In July 2022, a solar power plant in Sas van Gent, Zeeland province, Netherlands caught fire due to sustained high temperatures, and the fire spread over an area of about 5000 square meters. The cause of the fire was unknown.
In June 2022, a fire broke out on the roof of an industrial building in Prince George's County, United States, and thick smoke filled the area. Local firefighters believe the fire was likely caused by photovoltaic components.
According to statistics, more than 80% of fires are caused by faults on the DC side of PV systems. In PV systems, due to the stacking of component voltages, a series of component circuits often have a direct current high voltage of about 600V to 1000V. When cable connections age, connectors malfunction, models do not match, or when two conductors with opposite polarity are very close together and the insulation between the two wires fails, it is very likely to produce a direct current arc under the action of high voltage, which can cause an open flame and lead to a fire. Therefore, it can be seen that the arc sparks caused by high DC voltage are the "culprit" of photovoltaic fires.
In order to prevent fire risks in PV systems, in addition to regulating system design and installation, and strictly controlling product quality, certain technology and equipment can also be used to greatly reduce the probability of fires.
This is where microinverters come in. As the world's pioneer of high-power microinverters, TSUN has always attached great importance to safety issues in the solar industry.

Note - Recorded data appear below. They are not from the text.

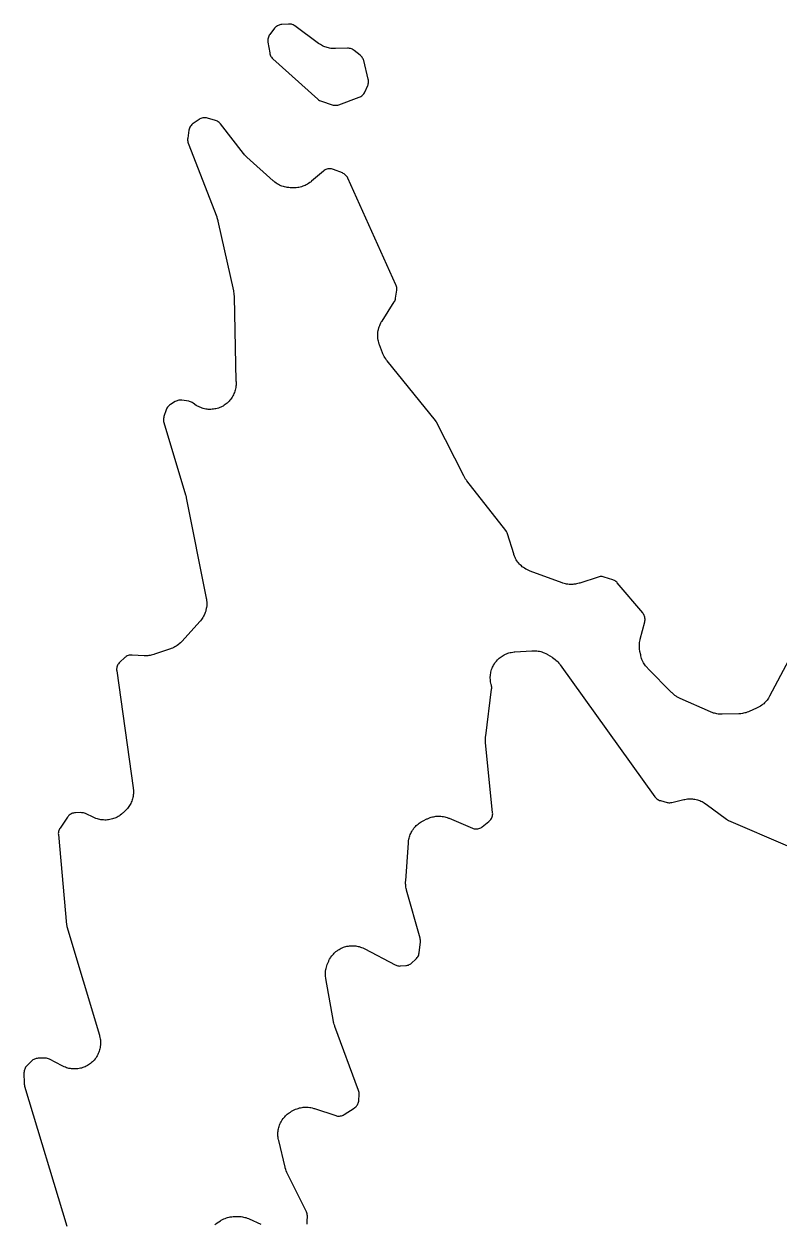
# Model space of a CAD drawing. Header units: millimetres. Extents: x 0 to 194, y 0 to 300.
# Drawn here: x 32.02 to 54.93, y 133.96 to 170.35 of the extents above; entities that cross this region are included whole.
import ezdxf

# ---------------------------------------------------------------- set-up
doc = ezdxf.new("R2010")
doc.units = ezdxf.units.MM
doc.layers.add('CUT', color=7, linetype='CONTINUOUS')

msp = doc.modelspace()

# ---------------------------------------------------------------- linework, layer by layer
at = {"layer": 'CUT'}
msp.add_lwpolyline([(39.428, 169.9259), (39.422, 169.8959), (39.419, 169.8653), (39.4192, 169.8347), (39.4225, 169.8042), (39.4756, 169.4733), (39.4816, 169.4448), (39.4903, 169.417), (39.5017, 169.3902), (39.5156, 169.3647), (39.532, 169.3406), (39.5506, 169.3182), (39.5713, 169.2977), (40.9366, 168.0705), (40.9608, 168.0509), (40.9869, 168.0339), (41.0147, 168.0197), (41.0438, 168.0085), (41.3768, 167.8995), (41.4044, 167.8919), (41.4326, 167.887), (41.4611, 167.8847), (41.4897, 167.8852), (41.5181, 167.8885), (41.5461, 167.8944), (41.5734, 167.9029), (42.1924, 168.1299), (42.2198, 168.1415), (42.2459, 168.1557), (42.2704, 168.1725), (42.2932, 168.1916), (42.314, 168.2129), (42.3325, 168.2361), (42.3487, 168.2611), (42.3623, 168.2875), (42.4503, 168.4812), (42.4609, 168.5078), (42.4689, 168.5354), (42.4742, 168.5636), (42.4768, 168.5922), (42.4767, 168.6209), (42.4738, 168.6494), (42.4682, 168.6776), (42.3283, 169.2406), (42.3203, 169.2674), (42.3098, 169.2934), (42.297, 169.3182), (42.2819, 169.3418), (42.2647, 169.3638), (42.2455, 169.3842), (42.2245, 169.4026), (42.0388, 169.551), (42.0142, 169.5687), (41.988, 169.5839), (41.9603, 169.5963), (41.9316, 169.6058), (41.902, 169.6124), (41.8719, 169.616), (41.8416, 169.6165), (41.4735, 169.6044), (41.452, 169.6042), (41.4092, 169.6048), (41.3663, 169.6075), (41.3344, 169.611), (41.292, 169.6178), (41.2606, 169.6243), (41.2191, 169.6351), (41.1884, 169.6446), (41.1481, 169.6592), (41.1184, 169.6716), (41.0797, 169.6901), (41.0513, 169.7052), (41.0145, 169.7273), (40.9788, 169.751), (40.9613, 169.7633), (40.2419, 170.2929), (40.2168, 170.3095), (40.1902, 170.3235), (40.1623, 170.3348), (40.1334, 170.3432), (40.1039, 170.3487), (40.0739, 170.3512), (40.0438, 170.3507), (39.8424, 170.337), (39.8144, 170.3338), (39.7869, 170.328), (39.76, 170.3196), (39.734, 170.3088), (39.7092, 170.2955), (39.6857, 170.28), (39.6638, 170.2624), (39.6436, 170.2427), (39.6253, 170.2213), (39.4814, 170.0353), (39.4639, 170.0102), (39.4491, 169.9834), (39.4371, 169.9552)], close=True, dxfattribs=at)
for points in [[(55.217, 151.0442), (54.646, 149.9653), (54.6355, 149.9466), (54.6136, 149.9097), (54.59, 149.8739), (54.5711, 149.8479), (54.5442, 149.8145), (54.5229, 149.7904), (54.493, 149.7597), (54.4695, 149.7378), (54.4367, 149.7101), (54.4112, 149.6905), (54.376, 149.666), (54.3488, 149.649), (54.3114, 149.628), (54.273, 149.6088), (54.2536, 149.5996), (54.0327, 149.502), (54.0124, 149.4936), (53.9715, 149.4778), (53.9298, 149.464), (53.8981, 149.4553), (53.8552, 149.4456), (53.8228, 149.44), (53.7793, 149.4346), (53.7355, 149.4313), (53.7136, 149.4302), (53.2122, 149.4172), (53.1922, 149.4172), (53.1523, 149.4179), (53.1125, 149.4204), (53.0827, 149.4236), (53.0433, 149.4296), (53.0139, 149.4355), (52.9751, 149.445), (52.9464, 149.4534), (52.9087, 149.4663), (52.8715, 149.4808), (52.8531, 149.4885), (51.9296, 149.8986), (51.9105, 149.9076), (51.8728, 149.9265), (51.836, 149.9472), (51.8092, 149.9639), (51.7746, 149.9879), (51.7495, 150.0071), (51.7172, 150.0342), (51.6862, 150.0629), (51.6711, 150.0775), (50.9553, 150.8042), (50.9406, 150.8199), (50.912, 150.8519), (50.8849, 150.8852), (50.8658, 150.9111), (50.8421, 150.9469), (50.8255, 150.9745), (50.8053, 151.0123), (50.7915, 151.0414), (50.7749, 151.081), (50.7639, 151.1112), (50.7512, 151.1522), (50.7405, 151.1938), (50.7356, 151.2147), (50.7144, 151.3166), (50.7107, 151.3368), (50.7042, 151.3774), (50.6995, 151.4182), (50.6975, 151.449), (50.6965, 151.4901), (50.6973, 151.5208), (50.7001, 151.5619), (50.7036, 151.5925), (50.7102, 151.633), (50.7186, 151.6733), (50.7233, 151.6933), (50.8591, 152.2207), (50.8649, 152.2486), (50.868, 152.277), (50.8684, 152.3056), (50.8661, 152.334), (50.8611, 152.3621), (50.8534, 152.3897), (50.8432, 152.4163), (50.8304, 152.4419), (50.8153, 152.4661), (50.798, 152.4888), (50.0263, 153.4045), (50.0071, 153.4251), (49.9861, 153.4439), (49.9634, 153.4606), (49.9393, 153.4752), (49.9139, 153.4874), (49.8874, 153.4971), (49.6274, 153.5795), (49.5971, 153.5874), (49.5662, 153.592), (49.535, 153.5935), (49.5038, 153.5917), (49.473, 153.5866), (49.4428, 153.5784), (48.8887, 153.3956), (48.8682, 153.3893), (48.8269, 153.3779), (48.7851, 153.3684), (48.7535, 153.3628), (48.711, 153.3573), (48.679, 153.3547), (48.6362, 153.3533), (48.6041, 153.3538), (48.5613, 153.3564), (48.5294, 153.36), (48.4871, 153.3667), (48.4556, 153.3733), (48.4141, 153.384), (48.3732, 153.3967), (48.3529, 153.4035), (47.3813, 153.7563), (47.3598, 153.7648), (47.3172, 153.7828), (47.2755, 153.803), (47.2451, 153.8197), (47.2058, 153.844), (47.1773, 153.8637), (47.1406, 153.892), (47.1143, 153.9146), (47.0808, 153.9464), (47.0569, 153.9716), (47.0268, 154.0067), (47.0057, 154.0342), (46.9793, 154.0722), (46.9611, 154.1017), (46.9388, 154.1423), (46.9237, 154.1735), (46.9058, 154.2161), (46.89, 154.2596), (46.8827, 154.2816), (46.6971, 154.8893), (46.6878, 154.9154), (46.6761, 154.9405), (46.6621, 154.9645), (46.646, 154.9871), (45.46, 156.4962), (45.4466, 156.5141), (45.4208, 156.5505), (45.3969, 156.5881), (45.3749, 156.6268), (45.3643, 156.6465), (44.5436, 158.2708), (44.5277, 158.2986), (44.5089, 158.3244), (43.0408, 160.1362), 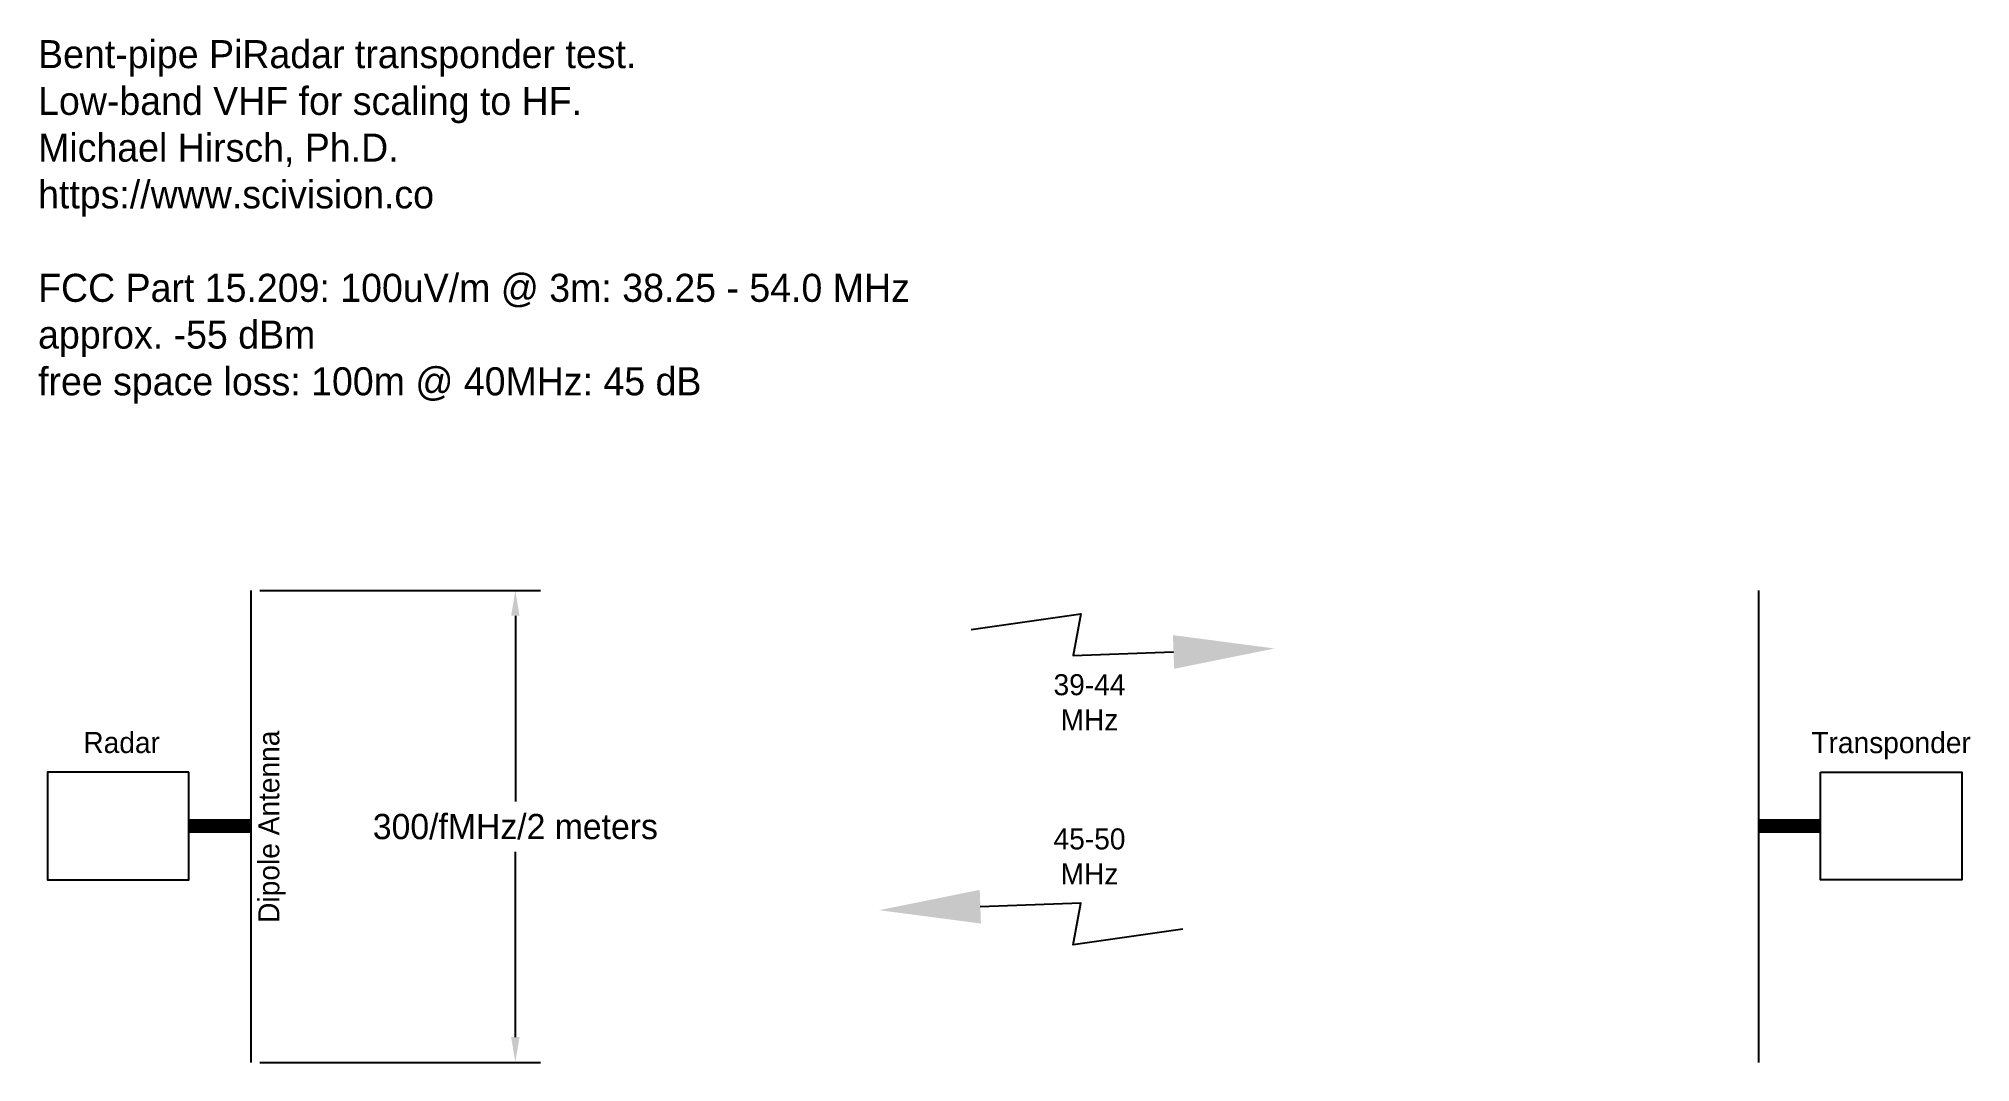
# Model space of a CAD drawing. Header units: inches. Extents: x -5.8 to 8, y 1.7 to 9.
import ezdxf

# ---------------------------------------------------------------- set-up
doc = ezdxf.new("R2010")
doc.units = ezdxf.units.IN
doc.header["$MEASUREMENT"] = 0
doc.styles.get("Standard").update_dxf_attribs({"font": 'ARTxt.shx'})
doc.dimstyles.get("Standard").update_dxf_attribs({"dimtxt": 0.18, "dimasz": 0.18, "dimexe": 0.18, "dimexo": 0.0625, "dimgap": 0.09, "dimtad": 0, "dimtih": 1, "dimtoh": 1, "dimdec": 4, "dimzin": 0, "dimdsep": 46, "dimtxsty": 'Standard', "dimcen": 0.09, "dimadec": 0, "dimazin": 0, "dimtfac": 1, "dimtdec": 4, "dimtofl": 0, "dimtmove": 0, "dimatfit": 3, "dimfxl": 1, "dimtolj": 1, "dimtzin": 0, "dimarcsym": 0})

# ---------------------------------------------------------------- blocks, each defined once
blk = doc.blocks.new('*D1')
at = {"color": 0, "lineweight": -2}
for p, q in [((-4.237, 5.047), (-2.234, 5.047)), ((-2.414, 4.867), (-2.414, 3.542)), ((-2.414, 1.861), (-2.414, 3.182)), ((-4.237, 1.681), (-2.234, 1.681))]:
    blk.add_line(p, q, dxfattribs=at)
at = {"color": 0}
for points in [[(-2.384, 4.867), (-2.444, 4.867), (-2.414, 5.047)], [(-2.444, 1.861), (-2.384, 1.861), (-2.414, 1.681)]]:
    blk.add_solid(points, dxfattribs=at)
at = {"layer": 'Defpoints', "color": 0}
for p in [(-4.3, 5.047), (-4.3, 1.681), (-2.414, 1.681)]:
    blk.add_point(p, dxfattribs=at)
at = {"color": 0, "insert": (-2.414, 3.362), "char_height": 0.18, "attachment_point": 5}
blk.add_mtext('\\A1;300/fMHz/2 meters', dxfattribs=at)

msp = doc.modelspace()

# ---------------------------------------------------------------- linework, layer by layer
for points in [[(-4.3, 5.04742), (-4.3, 3.36197)], [(6.45202, 5.04742), (6.45202, 3.36197)], [(0.83602, 4.76965), (1.61865, 4.88145), (1.56428, 4.58245), (2.28052, 4.60865)], [(-4.3, 3.36637), (-4.3, 1.68092)], [(6.45202, 3.36637), (6.45202, 1.68092)], [(2.34691, 2.63035), (1.56428, 2.51855), (1.61865, 2.81755), (0.90241, 2.79135)]]:
    msp.add_lwpolyline(points)
for points in [[(-4.74298, 3.75), (-5.75, 3.75), (-5.75, 2.98275), (-4.74298, 2.98275)], [(6.895, 3.75), (7.90202, 3.75), (7.90202, 2.98275), (6.895, 2.98275)]]:
    msp.add_lwpolyline(points, close=True)
at = {"const_width": 0.1}
for points in [[(-4.74298, 3.36637), (-4.3, 3.36637)], [(6.895, 3.36637), (6.45202, 3.36637)]]:
    msp.add_lwpolyline(points, dxfattribs=at)
for points in [[(2.27641, 4.72881), (3.00151, 4.63332), (2.28464, 4.48849)], [(0.90652, 2.67119), (0.18143, 2.76668), (0.8983, 2.91151)]]:
    msp.add_solid(points)

# ---------------------------------------------------------------- texts
for s, insert, char_height, width, attachment_point in [('{Bent-pipe PiRadar transponder test.\\PLow-band VHF for scaling to HF.\\PMichael Hirsch, Ph.D.\\Phttps://www.scivision.co\\P\\PFCC Part 15.209: 100uV/m @ 3m: 38.25 - 54.0 MHz\\Papprox. -55 dBm\\Pfree space loss: 100m @ 40MHz: 45 dB}', (-5.81799, 8.97322), 0.2, 8.6930114, 1), ('{39-44 MHz}', (1.68096, 4.25), 0.15, 0.6, 5), ('{Radar}', (-5.22218, 3.96146), 0.15, 0.6, 5), ('{Transponder}', (7.39851, 3.84151), 0.15, 0.6, 8), ('{45-50 MHz}', (1.68096, 3.15), 0.15, 0.6, 5)]:
    msp.add_mtext(s, dxfattribs=dict(insert=insert, char_height=char_height, width=width, attachment_point=attachment_point))
at = {"insert": (-4.14995, 3.36197), "char_height": 0.15, "width": 2.6893078, "attachment_point": 5, "rotation": 90}
msp.add_mtext('{Dipole Antenna}', dxfattribs=at)

# ---------------------------------------------------------------- dimensions: what is measured, and where the dimension line sits
dim = msp.add_linear_dim(base=(-2.41438, 1.68092), p1=(-4.3, 5.04742), p2=(-4.3, 1.68092), angle=270, text='300/fMHz/2 meters', dimstyle='Standard', override={"dimlfac": 1})
dim.commit()
dim.dimension.update_dxf_attribs({"geometry": '*D1', "text_midpoint": (-2.41438, 3.36197), "dimtype": 160})

doc.saveas('drawing.dxf')

Microinverters from TSUN adopt a low-voltage parallel connection method, ensuring that DC generally stays lower than 60V on the roof, while string inverters can go up to 600-1000V. It effectively reduces the risk of high-voltage DC and improves the safety of photovoltaic power generation systems. Rapid shutdown is also already implemented in every inverter, making it easy to shut off in case of an emergency.
In addition, TSUN's microinverters come with a monitoring system that provides real-time data on the performance of each panel in the system. This allows for early detection of any issues, such as faulty panels or loose connections, that could lead to a fire. With this information, the problem can be addressed before it causes any damage.
Because string inverters connect panels in a series, if one goes down or produces less energy, every other panel in the series is also affected. This is especially an issue if partial shading of your panels is happening throughout the day as the entire system will only perform as well as the lowest producing panel.
On the other hand, microinverters from TSUN do not experience this same issue because they connect in parallel, which ensures that all the panels are working independently at their highest efficiency.
With the continuous development of the distributed market, TSUN will continue to uphold the concept of "More safety, More power" and push the safe development of photovoltaics to a new level. At that time, more owners can freely enjoy truly safe and clean green energy.